**RECORD EXTRACTS**:
•••

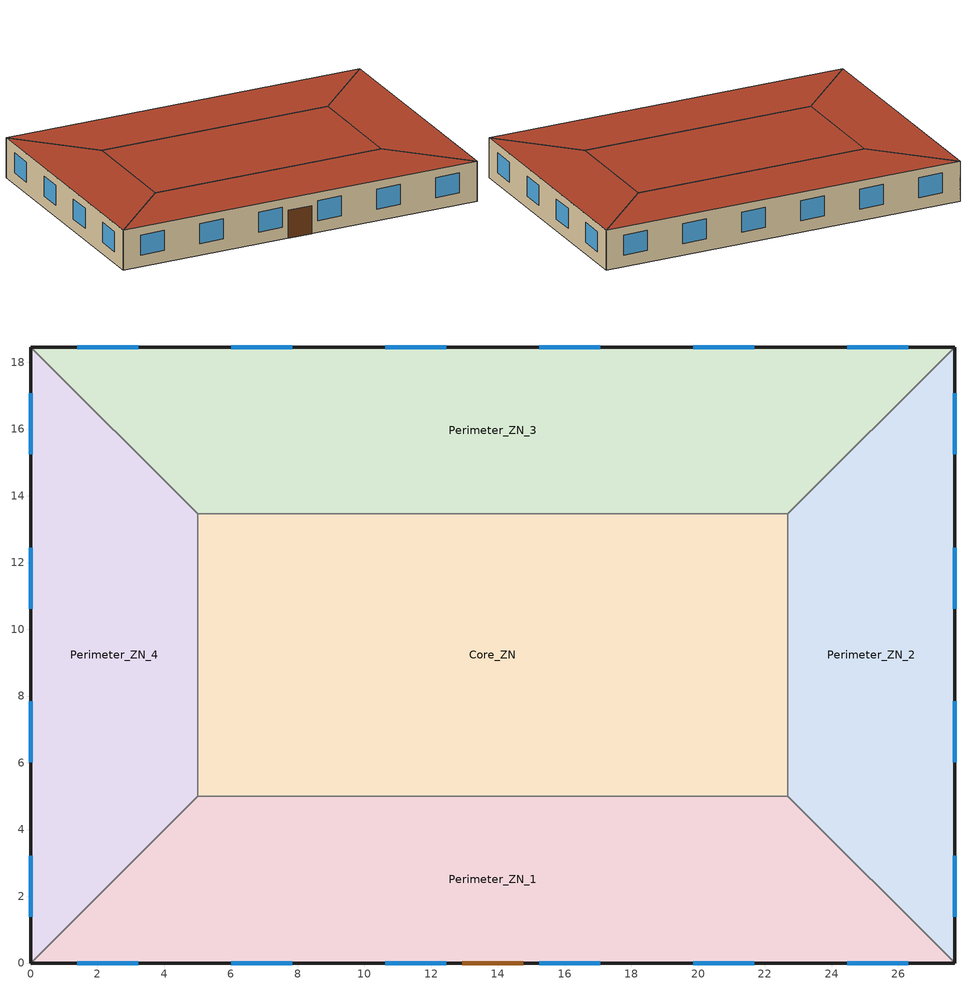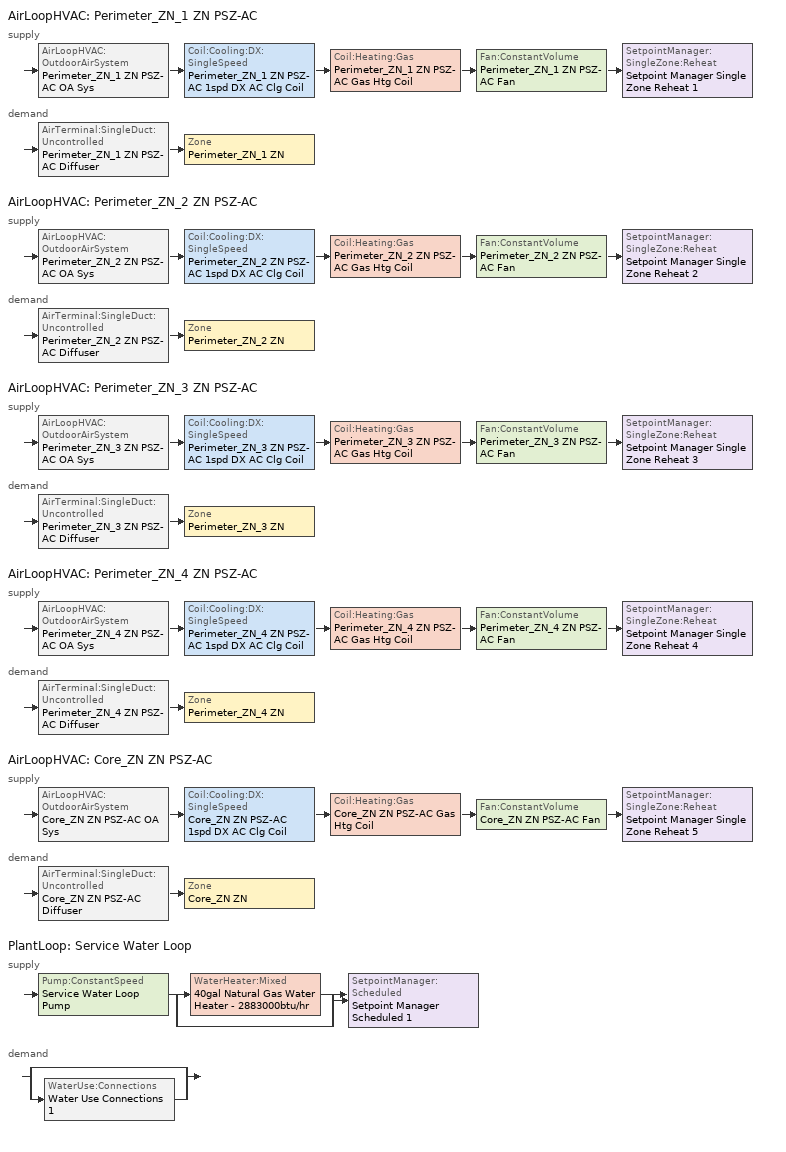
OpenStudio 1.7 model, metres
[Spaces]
Core_ZN
 floor ground: 22.69,13.46 22.69,5 5,5 5,13.46 z0
 wall to Perimeter_ZN_4: 5,13.46 5,5 z0:3.05
 wall to Perimeter_ZN_2: 22.69,5 22.69,13.46 z0:3.05
 wall to Perimeter_ZN_3: 22.69,13.46 5,13.46 z0:3.05
 wall to Perimeter_ZN_1: 5,5 22.69,5 z0:3.05
 roof outside: 22.69,5 22.69,13.46 5,13.46 5,5 z3.05
Perimeter_ZN_3
 floor ground: 27.69,18.46 22.69,13.46 5,13.46 0,18.46 z0
 wall outside: 27.69,18.46 0,18.46 z0:3.05
 wall to Perimeter_ZN_2: 22.69,13.46 27.69,18.46 z0:3.05
 wall to Perimeter_ZN_4: 0,18.46 5,13.46 z0:3.05
 window: 26.3,18.46 24.47,18.46 / 3.22,18.46 1.39,18.46 / 21.68,18.46 19.85,18.46 / 12.45,18.46 10.62,18.46 / 7.84,18.46 6.01,18.46 / 17.07,18.46 15.24,18.46 z0.9:2.42
 roof outside: 22.69,13.46 27.69,18.46 0,18.46 5,13.46 z3.05
Perimeter_ZN_2
 floor ground: 27.69,18.46 27.69,0 22.69,5 22.69,13.46 z0
 wall outside: 27.69,0 27.69,18.46 z0:3.05
 wall to Perimeter_ZN_1: 22.69,5 27.69,0 z0:3.05
 window: 27.69,1.39 27.69,3.22 / 27.69,6.01 27.69,7.84 / 27.69,10.62 27.69,12.45 / 27.69,15.24 27.69,17.07 z0.9:2.42
 roof outside: 27.69,0 27.69,18.46 22.69,13.46 22.69,5 z3.05
Perimeter_ZN_1
 floor ground: 22.69,5 27.69,0 0,0 5,5 z0
 wall outside: 0,0 27.69,0 z0:3.05
 wall to Perimeter_ZN_4: 5,5 0,0 z0:3.05
 window: 6.01,0 7.84,0 / 15.24,0 17.07,0 / 24.47,0 26.3,0 / 1.39,0 3.22,0 / 10.62,0 12.45,0 / 19.85,0 21.68,0 z0.9:2.42
 door: 12.93,0 14.76,0 z0:2.13
 roof outside: 27.69,0 22.69,5 5,5 0,0 z3.05
Perimeter_ZN_4
 floor ground: 0,18.46 5,13.46 5,5 0,0 z0
 wall outside: 0,18.46 0,0 z0:3.05
 window: 0,3.22 0,1.39 / 0,12.45 0,10.62 / 0,17.07 0,15.24 / 0,7.84 0,6.01 z0.9:2.42
 roof outside: 0,0 5,5 5,13.46 0,18.46 z3.05
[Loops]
AirLoopHVAC 'Perimeter_ZN_1 ZN PSZ-AC'
 supply: AirLoopHVAC:OutdoorAirSystem 'Perimeter_ZN_1 ZN PSZ-AC OA Sys' > Coil:Cooling:DX:SingleSpeed 'Perimeter_ZN_1 ZN PSZ-AC 1spd DX AC Clg Coil' > Coil:Heating:Gas 'Perimeter_ZN_1 ZN PSZ-AC Gas Htg Coil' > Fan:ConstantVolume 'Perimeter_ZN_1 ZN PSZ-AC Fan' > SetpointManager:SingleZone:Reheat 'Setpoint Manager Single Zone Reheat 1'
 demand: AirTerminal:SingleDuct:Uncontrolled 'Perimeter_ZN_1 ZN PSZ-AC Diffuser' > Zone 'Perimeter_ZN_1 ZN'
AirLoopHVAC 'Perimeter_ZN_2 ZN PSZ-AC'
 supply: AirLoopHVAC:OutdoorAirSystem 'Perimeter_ZN_2 ZN PSZ-AC OA Sys' > Coil:Cooling:DX:SingleSpeed 'Perimeter_ZN_2 ZN PSZ-AC 1spd DX AC Clg Coil' > Coil:Heating:Gas 'Perimeter_ZN_2 ZN PSZ-AC Gas Htg Coil' > Fan:ConstantVolume 'Perimeter_ZN_2 ZN PSZ-AC Fan' > SetpointManager:SingleZone:Reheat 'Setpoint Manager Single Zone Reheat 2'
 demand: AirTerminal:SingleDuct:Uncontrolled 'Perimeter_ZN_2 ZN PSZ-AC Diffuser' > Zone 'Perimeter_ZN_2 ZN'
AirLoopHVAC 'Perimeter_ZN_3 ZN PSZ-AC'
 supply: AirLoopHVAC:OutdoorAirSystem 'Perimeter_ZN_3 ZN PSZ-AC OA Sys' > Coil:Cooling:DX:SingleSpeed 'Perimeter_ZN_3 ZN PSZ-AC 1spd DX AC Clg Coil' > Coil:Heating:Gas 'Perimeter_ZN_3 ZN PSZ-AC Gas Htg Coil' > Fan:ConstantVolume 'Perimeter_ZN_3 ZN PSZ-AC Fan' > SetpointManager:SingleZone:Reheat 'Setpoint Manager Single Zone Reheat 3'
 demand: AirTerminal:SingleDuct:Uncontrolled 'Perimeter_ZN_3 ZN PSZ-AC Diffuser' > Zone 'Perimeter_ZN_3 ZN'
AirLoopHVAC 'Perimeter_ZN_4 ZN PSZ-AC'
 supply: AirLoopHVAC:OutdoorAirSystem 'Perimeter_ZN_4 ZN PSZ-AC OA Sys' > Coil:Cooling:DX:SingleSpeed 'Perimeter_ZN_4 ZN PSZ-AC 1spd DX AC Clg Coil' > Coil:Heating:Gas 'Perimeter_ZN_4 ZN PSZ-AC Gas Htg Coil' > Fan:ConstantVolume 'Perimeter_ZN_4 ZN PSZ-AC Fan' > SetpointManager:SingleZone:Reheat 'Setpoint Manager Single Zone Reheat 4'
 demand: AirTerminal:SingleDuct:Uncontrolled 'Perimeter_ZN_4 ZN PSZ-AC Diffuser' > Zone 'Perimeter_ZN_4 ZN'
AirLoopHVAC 'Core_ZN ZN PSZ-AC'
 supply: AirLoopHVAC:OutdoorAirSystem 'Core_ZN ZN PSZ-AC OA Sys' > Coil:Cooling:DX:SingleSpeed 'Core_ZN ZN PSZ-AC 1spd DX AC Clg Coil' > Coil:Heating:Gas 'Core_ZN ZN PSZ-AC Gas Htg Coil' > Fan:ConstantVolume 'Core_ZN ZN PSZ-AC Fan' > SetpointManager:SingleZone:Reheat 'Setpoint Manager Single Zone Reheat 5'
 demand: AirTerminal:SingleDuct:Uncontrolled 'Core_ZN ZN PSZ-AC Diffuser' > Zone 'Core_ZN ZN'
PlantLoop 'Service Water Loop'
 supply: Pump:ConstantSpeed 'Service Water Loop Pump' > split
  | WaterHeater:Mixed '40gal Natural Gas Water Heater - 2883000btu/hr'
  | bypass
  join > SetpointManager:Scheduled 'Setpoint Manager Scheduled 1'
 demand: split
  | bypass
  | WaterUse:Connections 'Water Use Connections 1'
[Site]
Houston Bush Intercontinental_TX_USA: Latitude {deg}=30; Longitude {deg}=-95.37; Time Zone {hr}=-6; Elevation {m}=29; Terrain=City
[Building]
Ref Bldg Small Office Pre1980_v1.3_5.0: North Axis {deg}=0; Default Construction Set=DOE Ref Pre-1980 - SmOffice - ASHRAE 169-2006-2A
[Site:GroundTemperature:BuildingSurface]
19.527, 19.502, 19.536, 19.598, 20.002, 21.64, 22.225, 22.375, 21.449, 20.121, 19.802, 19.633
[Site:WaterMainsTemperature]
Calculation Method=Correlation; Annual Average Outdoor Air Temperature {C}=20.3167; Maximum Difference In Monthly Average Outdoor Air Temperatures {deltaC}=17.8
[SizingPeriod:DesignDay] Barometric Pressure {Pa}=100977; Sky Clearness=0; Rain Indicator=0; Snow Indicator=0; Day of Month=21; Daylight Saving Time Indicator=0; Humidity Indicating Type=Wetbulb; Dry-Bulb Temperature Range Modifier Type=DefaultMultipliers
Name | Maximum Dry-Bulb Temperature {C} | Daily Dry-Bulb Temperature Range {deltaC} | Humidity Indicating Conditions at Maximum Dry-Bulb {BasedOnField A3} | Wind Speed {m/s} | Wind Direction {deg} | Month | Day Type | Solar Model Indicator | ASHRAE Taub | ASHRAE Taud
Houston Bush Intercontinental Ann Clg .4% Condns WB=>MDB | 31.7 | 10.1 | 26.7 | 3.5 | 170 | 7 | SummerDesignDay | ASHRAETau | 0.499 | 1.97
Houston Bush Intercontinental Ann Clg .4% Condns DB=>MWB | 36 | 10.1 | 24.8 | 3.5 | 170 | 7 | SummerDesignDay | ASHRAETau | 0.499 | 1.97
Houston Bush Intercontinental Ann Htg 99.6% Condns DB | -1.6 | 0 | -1.6 | 2.8 | 0 | 1 | WinterDesignDay | ASHRAEClearSky
[DefaultConstructionSet]
DOE Ref Pre-1980 - SmOffice - ASHRAE 169-2006-2A: Default Exterior Surface Constructions=Default Surface Constructions 1; Default Interior Surface Constructions=Default Surface Constructions 2; Default Ground Contact Surface Constructions=Default Surface Constructions 3; Default Exterior SubSurface Constructions=Default Sub Surface Constructions 1; Default Interior SubSurface Constructions=Default Sub Surface Constructions 2; Interior Partition Construction=Interior Partition
[DefaultSurfaceConstructions]
Name | Floor Construction | Wall Construction | Roof Ceiling Construction
Default Surface Constructions 1 | ExtSlabCarpet 4in ClimateZone 1-8 | CBECS Before-1980 ExtWall SteelFrame ClimateZone 1-3b | CBECS Before-1980 ExtRoof IEAD ClimateZone 1-3
Default Surface Constructions 2 | Interior Floor | Interior Wall | Interior Ceiling
Default Surface Constructions 3 | ExtSlabCarpet 4in ClimateZone 1-8 | ExtSlabCarpet 4in ClimateZone 1-8
[Construction]
ExtSlabCarpet 4in ClimateZone 1-8: MAT-CC05 4 HW CONCRETE, CP02 CARPET PAD
CBECS Before-1980 ExtWall SteelFrame ClimateZone 1-3b: Wood Siding, Steel Frame NonRes Wall Insulation-0.77, 1/2IN Gypsum
CBECS Before-1980 ExtRoof IEAD ClimateZone 1-3: Roof Membrane, IEAD NonRes Roof Insulation-1.76, Metal Decking
Interior Floor: F16 Acoustic tile, F05 Ceiling air space resistance, M11 100mm lightweight concrete
Interior Wall: G01a 19mm gypsum board, F04 Wall air space resistance, G01a 19mm gypsum board
Interior Ceiling: M11 100mm lightweight concrete, F05 Ceiling air space resistance, F16 Acoustic tile
CBECS Before-1980 ExtWindow ClimateZone 1-4: Fixed Window 5.84/0.54/0.38
Exterior Door: F08 Metal surface, I01 25mm insulation board
Interior Window: Clear 3mm
Interior Door; Interior Partition: G05 25mm wood
[Material] Thermal Absorptance=0.9
Name | Roughness | Thickness {m} | Conductivity {W/m-K} | Density {kg/m3} | Specific Heat {J/kg-K} | Solar Absorptance | Visible Absorptance
MAT-CC05 4 HW CONCRETE | Rough | 0.1016 | 1.311 | 2240 | 836.8 | 0.85 | 0.85
Wood Siding | MediumSmooth | 0.01 | 0.11 | 544.62 | 1210 | 0.78 | 0.78
Steel Frame NonRes Wall Insulation-0.77 | MediumRough | 0.0218416 | 0.049 | 265 | 836.8 | 0.7 | 0.7
1/2IN Gypsum | Smooth | 0.0127 | 0.16 | 784.9 | 830 | 0.4 | 0.4
Roof Membrane | VeryRough | 0.0095 | 0.16 | 1121.29 | 1460 | 0.7 | 0.7
IEAD NonRes Roof Insulation-1.76 | MediumRough | 0.0739805 | 0.049 | 265 | 836.8 | 0.7 | 0.7
Metal Decking | MediumSmooth | 0.0015 | 45.006 | 7680 | 418.4 | 0.6 | 0.6
F16 Acoustic tile | MediumSmooth | 0.0191 | 0.06 | 368 | 590 | 0.3 | 0.3
M11 100mm lightweight concrete | MediumRough | 0.1016 | 0.53 | 1280 | 840 | 0.5 | 0.5
G01a 19mm gypsum board | MediumSmooth | 0.019 | 0.16 | 800 | 1090 | 0.4 | 0.4
F08 Metal surface | Smooth | 0.0008 | 45.28 | 7824 | 500 | 0.7 | 0.7
I01 25mm insulation board | MediumRough | 0.0254 | 0.03 | 43 | 1210 | 0.6 | 0.6
G05 25mm wood | MediumSmooth | 0.0254 | 0.15 | 608 | 1630 | 0.5 | 0.5
[Material:NoMass]
CP02 CARPET PAD: Roughness=Smooth; Thermal Resistance {m2-K/W}=0.1; Thermal Absorptance=0.9; Solar Absorptance=0.8; Visible Absorptance=0.8
[Material:AirGap]
Name | Thermal Resistance {m2-K/W}
F05 Ceiling air space resistance | 0.18
F04 Wall air space resistance | 0.15
[DefaultSubSurfaceConstructions]
Name | Fixed Window Construction | Operable Window Construction | Door Construction | Skylight Construction | Tubular Daylight Dome Construction | Tubular Daylight Diffuser Construction
Default Sub Surface Constructions 1 | CBECS Before-1980 ExtWindow ClimateZone 1-4 | CBECS Before-1980 ExtWindow ClimateZone 1-4 | Exterior Door | CBECS Before-1980 ExtWindow ClimateZone 1-4 | Interior Window | Interior Window
Default Sub Surface Constructions 2 | Interior Window | Interior Window | Interior Door
[WindowMaterial:SimpleGlazingSystem]
Fixed Window 5.84/0.54/0.38: U-Factor {W/m2-K}=5.84; Solar Heat Gain Coefficient=0.54; Visible Transmittance=0.38
[WindowMaterial:Glazing]
Clear 3mm: Optical Data Type=SpectralAverage; Thickness {m}=0.003; Solar Transmittance at Normal Incidence=0.837; Front Side Solar Reflectance at Normal Incidence=0.075; Back Side Solar Reflectance at Normal Incidence=0; Visible Transmittance at Normal Incidence=0.898; Front Side Visible Reflectance at Normal Incidence=0.081; Back Side Visible Reflectance at Normal Incidence=0; Infrared Transmittance at Normal Incidence=0; Front Side Infrared Hemispherical Emissivity=0.84; Back Side Infrared Hemispherical Emissivity=0.84; Conductivity {W/m-K}=0.9; Dirt Correction Factor for Solar and Visible Transmittance=1; Solar Diffusing=No
[Space] Space Type=DOE Ref Pre-1980 - Office - WholeBuilding - Sm Office; Part of Total Floor Area=Yes
Name | Thermal Zone
Core_ZN | Core_ZN ZN
Perimeter_ZN_2 | Perimeter_ZN_2 ZN
Perimeter_ZN_3 | Perimeter_ZN_3 ZN
Perimeter_ZN_1 | Perimeter_ZN_1 ZN
Perimeter_ZN_4 | Perimeter_ZN_4 ZN
[SpaceType]
DOE Ref Pre-1980 - Office - WholeBuilding - Sm Office: Default Schedule Set=DOE Ref Pre-1980 - Office - WholeBuilding - Sm Office Schedule Set; Design Specification Outdoor Air Object=DOE Ref Pre-1980 - Office - WholeBuilding - Sm Office Ventilation; Standards Building Type=Office; Standards Space Type=WholeBuilding - Sm Office
[DefaultScheduleSet]
DOE Ref Pre-1980 - Office - WholeBuilding - Sm Office Schedule Set: Number of People Schedule=Small Office Bldg Occ; People Activity Level Schedule=Small Office Activity; Lighting Schedule=Office Bldg Light; Electric Equipment Schedule=Small Office Bldg Equip; Infiltration Schedule=Small Office Infil Quarter On
[SpaceInfiltration:DesignFlowRate]
DOE Ref Pre-1980 - Office - WholeBuilding - Sm Office Infiltration: Space or SpaceType=DOE Ref Pre-1980 - Office - WholeBuilding - Sm Office; Design Flow Rate Calculation Method=Flow/ExteriorArea; Flow per Exterior Surface Area {m3/s-m2}=0.00113386
[ThermostatSetpoint:DualSetpoint]
DOE Ref Pre-1980 - Office - WholeBuilding - Sm Office Thermostat: Heating Setpoint Temperature Schedule=Small Office HtgSetp; Cooling Setpoint Temperature Schedule=Small Office ClgSetp
[Lights:Definition]
DOE Ref Pre-1980 - Office - WholeBuilding - Sm Office Lights Definition: Design Level Calculation Method=Watts/Area; Watts per Space Floor Area {W/m2}=19.4827
[Lights]
DOE Ref Pre-1980 - Office - WholeBuilding - Sm Office Lights: Lights Definition=DOE Ref Pre-1980 - Office - WholeBuilding - Sm Office Lights Definition; Space or SpaceType=DOE Ref Pre-1980 - Office - WholeBuilding - Sm Office
[DesignSpecification:OutdoorAir]
DOE Ref Pre-1980 - Office - WholeBuilding - Sm Office Ventilation: Outdoor Air Method=Sum; Outdoor Air Flow per Person {m3/s-person}=0.00943895
[People:Definition]
DOE Ref Pre-1980 - Office - WholeBuilding - Sm Office People Definition: Number of People Calculation Method=People/Area; People per Space Floor Area {person/m2}=0; Fraction Radiant=0.3
[People]
DOE Ref Pre-1980 - Office - WholeBuilding - Sm Office People: People Definition=DOE Ref Pre-1980 - Office - WholeBuilding - Sm Office People Definition; Space or SpaceType=DOE Ref Pre-1980 - Office - WholeBuilding - Sm Office
[ElectricEquipment:Definition]
DOE Ref Pre-1980 - Office - WholeBuilding - Sm Office Electric Equipment Definition: Design Level Calculation Method=Watts/Area; Watts per Space Floor Area {W/m2}=10.7639
[ElectricEquipment]
DOE Ref Pre-1980 - Office - WholeBuilding - Sm Office Electric Equipment: Electric Equipment Definition=DOE Ref Pre-1980 - Office - WholeBuilding - Sm Office Electric Equipment Definition; Space or SpaceType=DOE Ref Pre-1980 - Office - WholeBuilding - Sm Office
[ThermalZone] Thermostat=DOE Ref Pre-1980 - Office - WholeBuilding - Sm Office Thermostat; Use Ideal Air Loads=No
Perimeter_ZN_4 ZN; Perimeter_ZN_2 ZN; Core_ZN ZN; Perimeter_ZN_1 ZN; Perimeter_ZN_3 ZN
[Sizing:Zone] Zone Cooling Design Supply Air Temperature {C}=14; Zone Heating Design Supply Air Temperature {C}=40; Zone Cooling Design Supply Air Humidity Ratio {kg-H2O/kg-air}=0.0085; Zone Heating Design Supply Air Humidity Ratio {kg-H2O/kg-air}=0.008; Cooling Design Air Flow Method=DesignDay; Heating Design Air Flow Method=DesignDay
Perimeter_ZN_4 ZN; Perimeter_ZN_2 ZN; Core_ZN ZN; Perimeter_ZN_1 ZN; Perimeter_ZN_3 ZN
[Zone equipment]
Perimeter_ZN_4 ZN: Perimeter_ZN_4 ZN PSZ-AC Diffuser
Perimeter_ZN_2 ZN: Perimeter_ZN_2 ZN PSZ-AC Diffuser
Core_ZN ZN: Core_ZN ZN PSZ-AC Diffuser
Perimeter_ZN_1 ZN: Perimeter_ZN_1 ZN PSZ-AC Diffuser
Perimeter_ZN_3 ZN: Perimeter_ZN_3 ZN PSZ-AC Diffuser
[AirLoopHVAC] Design Supply Air Flow Rate {m3/s}=AutoSize
Perimeter_ZN_1 ZN PSZ-AC; Perimeter_ZN_2 ZN PSZ-AC; Perimeter_ZN_3 ZN PSZ-AC; Perimeter_ZN_4 ZN PSZ-AC; Core_ZN ZN PSZ-AC
[AvailabilityManager:Scheduled] Schedule=SmallOffice PSZ-AC Operation
Availability Manager Scheduled 1; Availability Manager Scheduled 2; Availability Manager Scheduled 3; Availability Manager Scheduled 4; Availability Manager Scheduled 5
[AvailabilityManager:NightCycle] Control Type=CycleOnAny
Availability Manager Night Cycle 1; Availability Manager Night Cycle 2; Availability Manager Night Cycle 3; Availability Manager Night Cycle 4; Availability Manager Night Cycle 5
[Sizing:System] Type of Load to Size On=Sensible; Design Outdoor Air Flow Rate {m3/s}=Autosize; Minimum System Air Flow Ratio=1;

•••

**TASK TO COMPLETE**: From the entries above, write out only the lines starting at the line that holds "[DefaultSurfaceConstructions]" and ending at the line that holds "Interior Door; Interior", keeping both and matching them exactly.

**TASK OUTPUT**:
[DefaultSurfaceConstructions]
Name | Floor Construction | Wall Construction | Roof Ceiling Construction
Default Surface Constructions 1 | ExtSlabCarpet 4in ClimateZone 1-8 | CBECS Before-1980 ExtWall SteelFrame ClimateZone 1-3b | CBECS Before-1980 ExtRoof IEAD ClimateZone 1-3
Default Surface Constructions 2 | Interior Floor | Interior Wall | Interior Ceiling
Default Surface Constructions 3 | ExtSlabCarpet 4in ClimateZone 1-8 | ExtSlabCarpet 4in ClimateZone 1-8
[Construction]
ExtSlabCarpet 4in ClimateZone 1-8: MAT-CC05 4 HW CONCRETE, CP02 CARPET PAD
CBECS Before-1980 ExtWall SteelFrame ClimateZone 1-3b: Wood Siding, Steel Frame NonRes Wall Insulation-0.77, 1/2IN Gypsum
CBECS Before-1980 ExtRoof IEAD ClimateZone 1-3: Roof Membrane, IEAD NonRes Roof Insulation-1.76, Metal Decking
Interior Floor: F16 Acoustic tile, F05 Ceiling air space resistance, M11 100mm lightweight concrete
Interior Wall: G01a 19mm gypsum board, F04 Wall air space resistance, G01a 19mm gypsum board
Interior Ceiling: M11 100mm lightweight concrete, F05 Ceiling air space resistance, F16 Acoustic tile
CBECS Before-1980 ExtWindow ClimateZone 1-4: Fixed Window 5.84/0.54/0.38
Exterior Door: F08 Metal surface, I01 25mm insulation board
Interior Window: Clear 3mm
Interior Door; Interior Partition: G05 25mm wood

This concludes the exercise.